INSTRUCTIONS TO FOLLOW >>
Quote the material below exactly as written, from the first line to the line that holds "doc.layers.add('layer 1', color=7, linetype='Continuous')", endpoints included.
INPUT DATA: Begin
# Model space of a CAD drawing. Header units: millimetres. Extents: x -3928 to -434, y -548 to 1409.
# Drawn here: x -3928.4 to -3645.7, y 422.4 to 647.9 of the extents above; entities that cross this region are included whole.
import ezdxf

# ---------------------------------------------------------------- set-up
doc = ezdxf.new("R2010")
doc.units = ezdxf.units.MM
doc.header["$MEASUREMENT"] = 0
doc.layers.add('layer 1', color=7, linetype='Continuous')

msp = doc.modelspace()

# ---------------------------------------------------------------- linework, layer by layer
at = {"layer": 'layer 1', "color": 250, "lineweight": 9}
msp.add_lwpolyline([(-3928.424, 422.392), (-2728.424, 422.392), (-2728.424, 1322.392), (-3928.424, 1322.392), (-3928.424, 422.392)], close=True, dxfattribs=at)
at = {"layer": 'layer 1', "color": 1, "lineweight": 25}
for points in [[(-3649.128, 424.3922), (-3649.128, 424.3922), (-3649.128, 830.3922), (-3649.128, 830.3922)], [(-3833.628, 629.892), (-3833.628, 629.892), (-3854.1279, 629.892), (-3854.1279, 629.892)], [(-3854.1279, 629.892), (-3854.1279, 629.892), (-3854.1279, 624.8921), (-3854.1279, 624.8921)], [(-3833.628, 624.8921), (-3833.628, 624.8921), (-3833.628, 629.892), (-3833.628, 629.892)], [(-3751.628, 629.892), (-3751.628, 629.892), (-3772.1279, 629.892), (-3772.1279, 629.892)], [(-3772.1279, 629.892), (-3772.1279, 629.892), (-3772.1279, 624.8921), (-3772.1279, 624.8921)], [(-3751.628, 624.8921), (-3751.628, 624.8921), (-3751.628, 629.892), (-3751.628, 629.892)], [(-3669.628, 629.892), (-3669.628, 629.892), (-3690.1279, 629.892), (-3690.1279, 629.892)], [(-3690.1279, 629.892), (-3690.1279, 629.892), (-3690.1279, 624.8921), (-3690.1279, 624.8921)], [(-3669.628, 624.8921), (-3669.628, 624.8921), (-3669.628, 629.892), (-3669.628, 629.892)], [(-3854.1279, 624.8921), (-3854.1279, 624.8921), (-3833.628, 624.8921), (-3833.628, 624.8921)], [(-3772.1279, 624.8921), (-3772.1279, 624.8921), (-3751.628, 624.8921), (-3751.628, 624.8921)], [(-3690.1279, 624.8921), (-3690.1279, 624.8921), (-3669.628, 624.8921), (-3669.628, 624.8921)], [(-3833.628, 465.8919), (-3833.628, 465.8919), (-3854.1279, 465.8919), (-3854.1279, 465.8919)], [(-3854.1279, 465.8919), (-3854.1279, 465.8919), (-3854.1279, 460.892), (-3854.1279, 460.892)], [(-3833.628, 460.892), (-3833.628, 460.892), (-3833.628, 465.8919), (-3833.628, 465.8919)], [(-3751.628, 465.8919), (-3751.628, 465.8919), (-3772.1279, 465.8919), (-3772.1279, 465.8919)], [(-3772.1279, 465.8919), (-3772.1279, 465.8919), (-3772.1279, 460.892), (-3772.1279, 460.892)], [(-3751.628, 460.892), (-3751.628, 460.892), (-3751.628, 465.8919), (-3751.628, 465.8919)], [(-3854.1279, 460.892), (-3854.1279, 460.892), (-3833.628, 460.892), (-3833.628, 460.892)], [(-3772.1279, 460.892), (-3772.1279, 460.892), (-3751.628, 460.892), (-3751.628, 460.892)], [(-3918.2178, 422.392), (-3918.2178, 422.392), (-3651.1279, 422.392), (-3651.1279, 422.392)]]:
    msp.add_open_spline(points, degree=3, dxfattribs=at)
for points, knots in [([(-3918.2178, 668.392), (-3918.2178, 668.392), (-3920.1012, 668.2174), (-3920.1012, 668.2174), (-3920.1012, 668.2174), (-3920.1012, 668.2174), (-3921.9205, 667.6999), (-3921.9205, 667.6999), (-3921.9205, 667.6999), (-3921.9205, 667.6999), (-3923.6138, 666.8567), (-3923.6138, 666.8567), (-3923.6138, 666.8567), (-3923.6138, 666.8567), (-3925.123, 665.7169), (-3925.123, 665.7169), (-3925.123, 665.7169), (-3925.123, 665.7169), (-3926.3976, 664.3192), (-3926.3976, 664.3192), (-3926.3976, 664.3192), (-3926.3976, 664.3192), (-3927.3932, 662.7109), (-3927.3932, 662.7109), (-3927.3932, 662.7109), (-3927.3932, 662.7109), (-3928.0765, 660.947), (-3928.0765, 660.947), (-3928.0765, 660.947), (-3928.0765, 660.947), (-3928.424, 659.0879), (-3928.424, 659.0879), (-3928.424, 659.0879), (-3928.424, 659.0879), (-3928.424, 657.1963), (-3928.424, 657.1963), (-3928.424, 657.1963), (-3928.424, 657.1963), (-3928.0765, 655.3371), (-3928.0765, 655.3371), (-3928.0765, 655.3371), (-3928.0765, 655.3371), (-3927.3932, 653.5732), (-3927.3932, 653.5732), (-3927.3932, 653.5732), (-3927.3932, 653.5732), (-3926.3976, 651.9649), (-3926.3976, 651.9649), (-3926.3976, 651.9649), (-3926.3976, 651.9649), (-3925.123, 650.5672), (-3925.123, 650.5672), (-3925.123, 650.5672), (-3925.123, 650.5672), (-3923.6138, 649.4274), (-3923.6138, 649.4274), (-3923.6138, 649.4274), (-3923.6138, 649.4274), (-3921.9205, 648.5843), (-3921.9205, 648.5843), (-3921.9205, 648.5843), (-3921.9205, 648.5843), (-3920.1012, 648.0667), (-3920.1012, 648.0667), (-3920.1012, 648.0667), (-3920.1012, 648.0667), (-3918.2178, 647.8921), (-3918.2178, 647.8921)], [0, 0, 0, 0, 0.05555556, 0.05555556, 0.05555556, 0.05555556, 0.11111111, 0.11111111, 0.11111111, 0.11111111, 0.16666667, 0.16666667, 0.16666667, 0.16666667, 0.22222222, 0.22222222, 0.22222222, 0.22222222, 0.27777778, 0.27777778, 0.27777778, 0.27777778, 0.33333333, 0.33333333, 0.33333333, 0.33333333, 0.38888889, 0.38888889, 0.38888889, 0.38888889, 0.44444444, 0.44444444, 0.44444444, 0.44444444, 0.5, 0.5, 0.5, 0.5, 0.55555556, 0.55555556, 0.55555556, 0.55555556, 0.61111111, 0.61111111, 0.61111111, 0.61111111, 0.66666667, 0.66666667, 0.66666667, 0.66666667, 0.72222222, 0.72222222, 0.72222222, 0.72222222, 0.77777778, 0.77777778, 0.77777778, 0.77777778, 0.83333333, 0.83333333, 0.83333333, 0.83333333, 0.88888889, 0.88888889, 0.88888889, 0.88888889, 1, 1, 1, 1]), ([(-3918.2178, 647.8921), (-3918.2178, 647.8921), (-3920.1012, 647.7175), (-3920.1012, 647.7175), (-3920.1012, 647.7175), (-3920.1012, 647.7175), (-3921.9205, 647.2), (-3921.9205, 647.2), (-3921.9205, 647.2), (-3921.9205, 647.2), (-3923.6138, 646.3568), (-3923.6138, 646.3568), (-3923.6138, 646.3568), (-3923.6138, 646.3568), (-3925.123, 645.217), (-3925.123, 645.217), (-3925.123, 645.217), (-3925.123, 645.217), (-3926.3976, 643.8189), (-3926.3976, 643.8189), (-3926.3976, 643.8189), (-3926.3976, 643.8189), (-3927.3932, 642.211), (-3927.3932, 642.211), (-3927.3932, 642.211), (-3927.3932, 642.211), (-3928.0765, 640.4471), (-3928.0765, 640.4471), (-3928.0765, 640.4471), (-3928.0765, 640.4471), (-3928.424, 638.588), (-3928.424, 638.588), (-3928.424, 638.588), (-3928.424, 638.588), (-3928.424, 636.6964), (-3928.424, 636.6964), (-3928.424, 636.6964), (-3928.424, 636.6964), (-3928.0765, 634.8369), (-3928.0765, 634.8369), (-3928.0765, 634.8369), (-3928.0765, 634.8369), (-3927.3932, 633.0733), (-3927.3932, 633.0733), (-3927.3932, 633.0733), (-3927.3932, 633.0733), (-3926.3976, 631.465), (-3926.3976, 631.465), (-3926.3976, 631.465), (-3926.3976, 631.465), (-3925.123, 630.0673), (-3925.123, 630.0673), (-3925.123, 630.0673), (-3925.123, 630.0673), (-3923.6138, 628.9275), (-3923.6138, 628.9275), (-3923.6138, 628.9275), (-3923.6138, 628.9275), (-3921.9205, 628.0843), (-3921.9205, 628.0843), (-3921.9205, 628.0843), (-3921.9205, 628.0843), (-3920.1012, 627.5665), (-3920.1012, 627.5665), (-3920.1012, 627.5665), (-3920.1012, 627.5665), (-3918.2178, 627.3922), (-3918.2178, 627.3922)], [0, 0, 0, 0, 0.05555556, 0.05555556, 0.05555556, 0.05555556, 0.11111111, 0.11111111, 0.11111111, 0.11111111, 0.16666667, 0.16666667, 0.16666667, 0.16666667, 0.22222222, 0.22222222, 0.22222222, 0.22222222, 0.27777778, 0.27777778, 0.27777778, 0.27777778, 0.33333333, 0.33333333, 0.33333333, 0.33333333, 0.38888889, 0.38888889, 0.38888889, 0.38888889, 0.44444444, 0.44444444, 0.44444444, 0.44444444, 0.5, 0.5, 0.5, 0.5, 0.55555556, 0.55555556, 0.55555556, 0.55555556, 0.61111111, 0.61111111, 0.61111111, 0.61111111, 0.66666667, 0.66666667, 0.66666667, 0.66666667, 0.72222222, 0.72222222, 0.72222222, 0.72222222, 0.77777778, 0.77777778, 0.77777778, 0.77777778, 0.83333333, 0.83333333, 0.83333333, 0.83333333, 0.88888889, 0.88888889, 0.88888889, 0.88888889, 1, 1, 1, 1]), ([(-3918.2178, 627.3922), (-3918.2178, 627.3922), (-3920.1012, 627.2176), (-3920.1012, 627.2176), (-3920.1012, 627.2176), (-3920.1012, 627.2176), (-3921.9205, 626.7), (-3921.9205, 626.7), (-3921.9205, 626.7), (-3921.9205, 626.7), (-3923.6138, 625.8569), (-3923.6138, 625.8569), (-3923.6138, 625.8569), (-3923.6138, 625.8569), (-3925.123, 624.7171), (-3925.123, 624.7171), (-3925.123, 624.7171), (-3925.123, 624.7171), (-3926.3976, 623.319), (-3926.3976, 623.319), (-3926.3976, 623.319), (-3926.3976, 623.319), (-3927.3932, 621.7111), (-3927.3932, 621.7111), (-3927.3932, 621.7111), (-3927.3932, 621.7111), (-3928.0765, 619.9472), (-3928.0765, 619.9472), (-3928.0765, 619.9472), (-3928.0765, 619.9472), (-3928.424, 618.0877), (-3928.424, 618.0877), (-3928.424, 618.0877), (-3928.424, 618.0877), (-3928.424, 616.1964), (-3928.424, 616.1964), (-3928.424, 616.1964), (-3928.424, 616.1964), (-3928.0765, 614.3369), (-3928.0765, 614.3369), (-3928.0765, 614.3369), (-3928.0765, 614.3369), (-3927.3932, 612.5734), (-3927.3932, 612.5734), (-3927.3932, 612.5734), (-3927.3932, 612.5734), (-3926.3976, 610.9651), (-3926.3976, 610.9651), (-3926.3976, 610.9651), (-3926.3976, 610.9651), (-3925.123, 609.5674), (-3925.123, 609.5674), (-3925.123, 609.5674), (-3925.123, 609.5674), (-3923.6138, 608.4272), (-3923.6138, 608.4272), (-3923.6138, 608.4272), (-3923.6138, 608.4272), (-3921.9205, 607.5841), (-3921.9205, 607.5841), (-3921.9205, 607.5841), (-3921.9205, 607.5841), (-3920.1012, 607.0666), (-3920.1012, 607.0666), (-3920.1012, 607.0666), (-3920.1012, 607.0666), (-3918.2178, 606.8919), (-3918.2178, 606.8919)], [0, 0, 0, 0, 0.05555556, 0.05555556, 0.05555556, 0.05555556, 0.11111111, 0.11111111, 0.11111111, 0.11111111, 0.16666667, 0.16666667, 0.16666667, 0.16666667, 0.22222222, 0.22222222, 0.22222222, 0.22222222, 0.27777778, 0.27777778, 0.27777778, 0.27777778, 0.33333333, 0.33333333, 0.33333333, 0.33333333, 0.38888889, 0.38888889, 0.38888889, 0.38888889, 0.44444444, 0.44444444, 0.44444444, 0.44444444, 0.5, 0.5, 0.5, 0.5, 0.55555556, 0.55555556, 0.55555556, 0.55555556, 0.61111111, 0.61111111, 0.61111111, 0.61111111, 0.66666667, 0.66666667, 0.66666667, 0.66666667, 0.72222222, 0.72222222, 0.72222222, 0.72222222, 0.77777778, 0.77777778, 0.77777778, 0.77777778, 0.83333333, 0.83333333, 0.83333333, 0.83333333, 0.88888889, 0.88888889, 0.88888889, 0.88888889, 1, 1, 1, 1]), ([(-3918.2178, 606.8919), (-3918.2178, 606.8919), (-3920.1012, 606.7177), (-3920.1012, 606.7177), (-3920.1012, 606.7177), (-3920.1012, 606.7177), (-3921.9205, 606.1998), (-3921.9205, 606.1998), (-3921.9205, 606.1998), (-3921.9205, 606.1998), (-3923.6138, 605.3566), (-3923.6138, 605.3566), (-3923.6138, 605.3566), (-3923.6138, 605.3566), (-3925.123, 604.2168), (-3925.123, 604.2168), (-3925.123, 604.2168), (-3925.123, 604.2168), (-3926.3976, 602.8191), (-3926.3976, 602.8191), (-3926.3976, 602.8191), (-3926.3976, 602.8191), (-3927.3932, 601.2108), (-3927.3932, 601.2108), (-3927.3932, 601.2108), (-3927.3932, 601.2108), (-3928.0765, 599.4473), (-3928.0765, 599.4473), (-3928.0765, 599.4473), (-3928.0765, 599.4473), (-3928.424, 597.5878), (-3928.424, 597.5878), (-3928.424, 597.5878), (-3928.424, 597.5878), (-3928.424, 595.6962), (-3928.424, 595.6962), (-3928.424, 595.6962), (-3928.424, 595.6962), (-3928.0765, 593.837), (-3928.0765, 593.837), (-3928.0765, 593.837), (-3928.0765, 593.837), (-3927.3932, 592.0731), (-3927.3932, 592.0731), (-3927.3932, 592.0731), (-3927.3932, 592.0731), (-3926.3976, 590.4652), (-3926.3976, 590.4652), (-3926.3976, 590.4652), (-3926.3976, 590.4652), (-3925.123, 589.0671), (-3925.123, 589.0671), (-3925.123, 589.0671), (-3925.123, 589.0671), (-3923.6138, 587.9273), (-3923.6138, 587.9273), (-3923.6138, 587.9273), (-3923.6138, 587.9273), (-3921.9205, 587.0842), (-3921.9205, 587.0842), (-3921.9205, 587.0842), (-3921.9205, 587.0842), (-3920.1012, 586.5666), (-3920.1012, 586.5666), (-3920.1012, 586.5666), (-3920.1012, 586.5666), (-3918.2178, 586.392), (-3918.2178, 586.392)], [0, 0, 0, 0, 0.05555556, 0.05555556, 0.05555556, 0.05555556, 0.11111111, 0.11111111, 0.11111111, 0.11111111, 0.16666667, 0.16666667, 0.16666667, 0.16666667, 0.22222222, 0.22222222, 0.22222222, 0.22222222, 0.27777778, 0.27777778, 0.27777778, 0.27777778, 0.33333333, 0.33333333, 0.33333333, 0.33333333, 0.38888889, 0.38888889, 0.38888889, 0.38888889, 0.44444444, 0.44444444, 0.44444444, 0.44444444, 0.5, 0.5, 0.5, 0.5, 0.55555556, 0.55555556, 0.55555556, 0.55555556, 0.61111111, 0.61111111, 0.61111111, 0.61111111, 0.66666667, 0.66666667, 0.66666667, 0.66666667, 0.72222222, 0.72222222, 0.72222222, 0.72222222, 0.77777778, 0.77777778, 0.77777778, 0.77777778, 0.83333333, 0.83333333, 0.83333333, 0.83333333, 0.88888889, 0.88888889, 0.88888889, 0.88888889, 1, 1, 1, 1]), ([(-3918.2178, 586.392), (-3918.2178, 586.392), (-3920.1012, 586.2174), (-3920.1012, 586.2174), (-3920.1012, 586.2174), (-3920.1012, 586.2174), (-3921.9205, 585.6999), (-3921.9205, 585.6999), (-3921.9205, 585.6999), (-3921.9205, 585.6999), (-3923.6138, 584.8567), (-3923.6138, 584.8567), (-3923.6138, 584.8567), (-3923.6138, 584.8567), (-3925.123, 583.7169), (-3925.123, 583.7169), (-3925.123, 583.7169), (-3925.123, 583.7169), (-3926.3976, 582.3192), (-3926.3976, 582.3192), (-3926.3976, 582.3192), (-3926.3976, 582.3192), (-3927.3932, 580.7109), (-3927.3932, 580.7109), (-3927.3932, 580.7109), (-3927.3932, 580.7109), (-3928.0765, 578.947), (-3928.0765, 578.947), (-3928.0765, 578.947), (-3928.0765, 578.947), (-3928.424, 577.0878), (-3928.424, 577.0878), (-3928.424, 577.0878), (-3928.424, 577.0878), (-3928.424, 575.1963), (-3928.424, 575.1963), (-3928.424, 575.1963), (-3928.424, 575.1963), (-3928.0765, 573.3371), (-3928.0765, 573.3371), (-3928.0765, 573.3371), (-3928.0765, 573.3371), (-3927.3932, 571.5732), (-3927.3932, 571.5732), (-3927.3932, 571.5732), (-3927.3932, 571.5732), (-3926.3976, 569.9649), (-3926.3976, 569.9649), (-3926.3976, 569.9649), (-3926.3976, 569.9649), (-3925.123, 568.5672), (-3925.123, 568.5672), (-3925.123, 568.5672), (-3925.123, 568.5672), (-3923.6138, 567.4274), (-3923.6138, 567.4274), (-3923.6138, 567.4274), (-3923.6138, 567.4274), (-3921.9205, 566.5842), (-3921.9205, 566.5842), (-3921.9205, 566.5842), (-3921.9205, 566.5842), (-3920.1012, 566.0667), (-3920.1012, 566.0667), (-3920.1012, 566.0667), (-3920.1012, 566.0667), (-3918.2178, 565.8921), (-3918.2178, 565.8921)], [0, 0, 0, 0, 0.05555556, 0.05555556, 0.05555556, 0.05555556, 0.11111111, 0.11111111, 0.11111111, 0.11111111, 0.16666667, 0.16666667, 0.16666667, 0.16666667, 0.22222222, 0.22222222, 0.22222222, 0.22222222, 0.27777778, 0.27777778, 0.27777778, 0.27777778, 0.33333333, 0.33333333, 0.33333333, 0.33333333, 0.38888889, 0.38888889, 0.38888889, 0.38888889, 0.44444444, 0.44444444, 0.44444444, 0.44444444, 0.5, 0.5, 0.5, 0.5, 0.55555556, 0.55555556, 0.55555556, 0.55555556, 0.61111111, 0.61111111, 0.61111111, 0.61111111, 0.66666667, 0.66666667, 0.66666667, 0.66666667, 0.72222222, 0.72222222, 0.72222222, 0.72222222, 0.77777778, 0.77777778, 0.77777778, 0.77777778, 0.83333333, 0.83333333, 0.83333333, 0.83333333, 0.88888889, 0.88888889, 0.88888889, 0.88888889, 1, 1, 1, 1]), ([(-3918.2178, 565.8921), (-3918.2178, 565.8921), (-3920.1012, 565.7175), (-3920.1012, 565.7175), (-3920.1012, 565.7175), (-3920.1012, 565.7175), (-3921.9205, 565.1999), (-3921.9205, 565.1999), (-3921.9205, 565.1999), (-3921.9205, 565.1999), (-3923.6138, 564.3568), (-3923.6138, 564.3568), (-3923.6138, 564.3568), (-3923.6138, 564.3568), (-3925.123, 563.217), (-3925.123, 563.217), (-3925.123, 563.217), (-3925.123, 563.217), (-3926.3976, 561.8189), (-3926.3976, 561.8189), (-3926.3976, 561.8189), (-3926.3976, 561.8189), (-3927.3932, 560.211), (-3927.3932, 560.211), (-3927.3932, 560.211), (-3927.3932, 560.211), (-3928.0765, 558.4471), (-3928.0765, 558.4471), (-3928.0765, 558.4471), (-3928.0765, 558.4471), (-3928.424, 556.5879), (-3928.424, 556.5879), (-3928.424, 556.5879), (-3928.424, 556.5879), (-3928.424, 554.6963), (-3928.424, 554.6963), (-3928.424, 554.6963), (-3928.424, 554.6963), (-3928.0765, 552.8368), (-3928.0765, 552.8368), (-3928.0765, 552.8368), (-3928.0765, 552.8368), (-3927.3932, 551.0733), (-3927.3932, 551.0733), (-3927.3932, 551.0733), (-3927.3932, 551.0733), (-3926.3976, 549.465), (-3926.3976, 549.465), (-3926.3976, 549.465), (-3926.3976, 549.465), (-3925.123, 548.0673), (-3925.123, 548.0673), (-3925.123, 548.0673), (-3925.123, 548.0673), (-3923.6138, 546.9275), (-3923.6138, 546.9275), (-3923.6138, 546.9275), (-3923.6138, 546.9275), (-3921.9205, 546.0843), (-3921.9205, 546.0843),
INPUT DATA: End
EXERCISE RESULT >>
# Model space of a CAD drawing. Header units: millimetres. Extents: x -3928 to -434, y -548 to 1409.
# Drawn here: x -3928.4 to -3645.7, y 422.4 to 647.9 of the extents above; entities that cross this region are included whole.
import ezdxf

# ---------------------------------------------------------------- set-up
doc = ezdxf.new("R2010")
doc.units = ezdxf.units.MM
doc.header["$MEASUREMENT"] = 0
doc.layers.add('layer 1', color=7, linetype='Continuous')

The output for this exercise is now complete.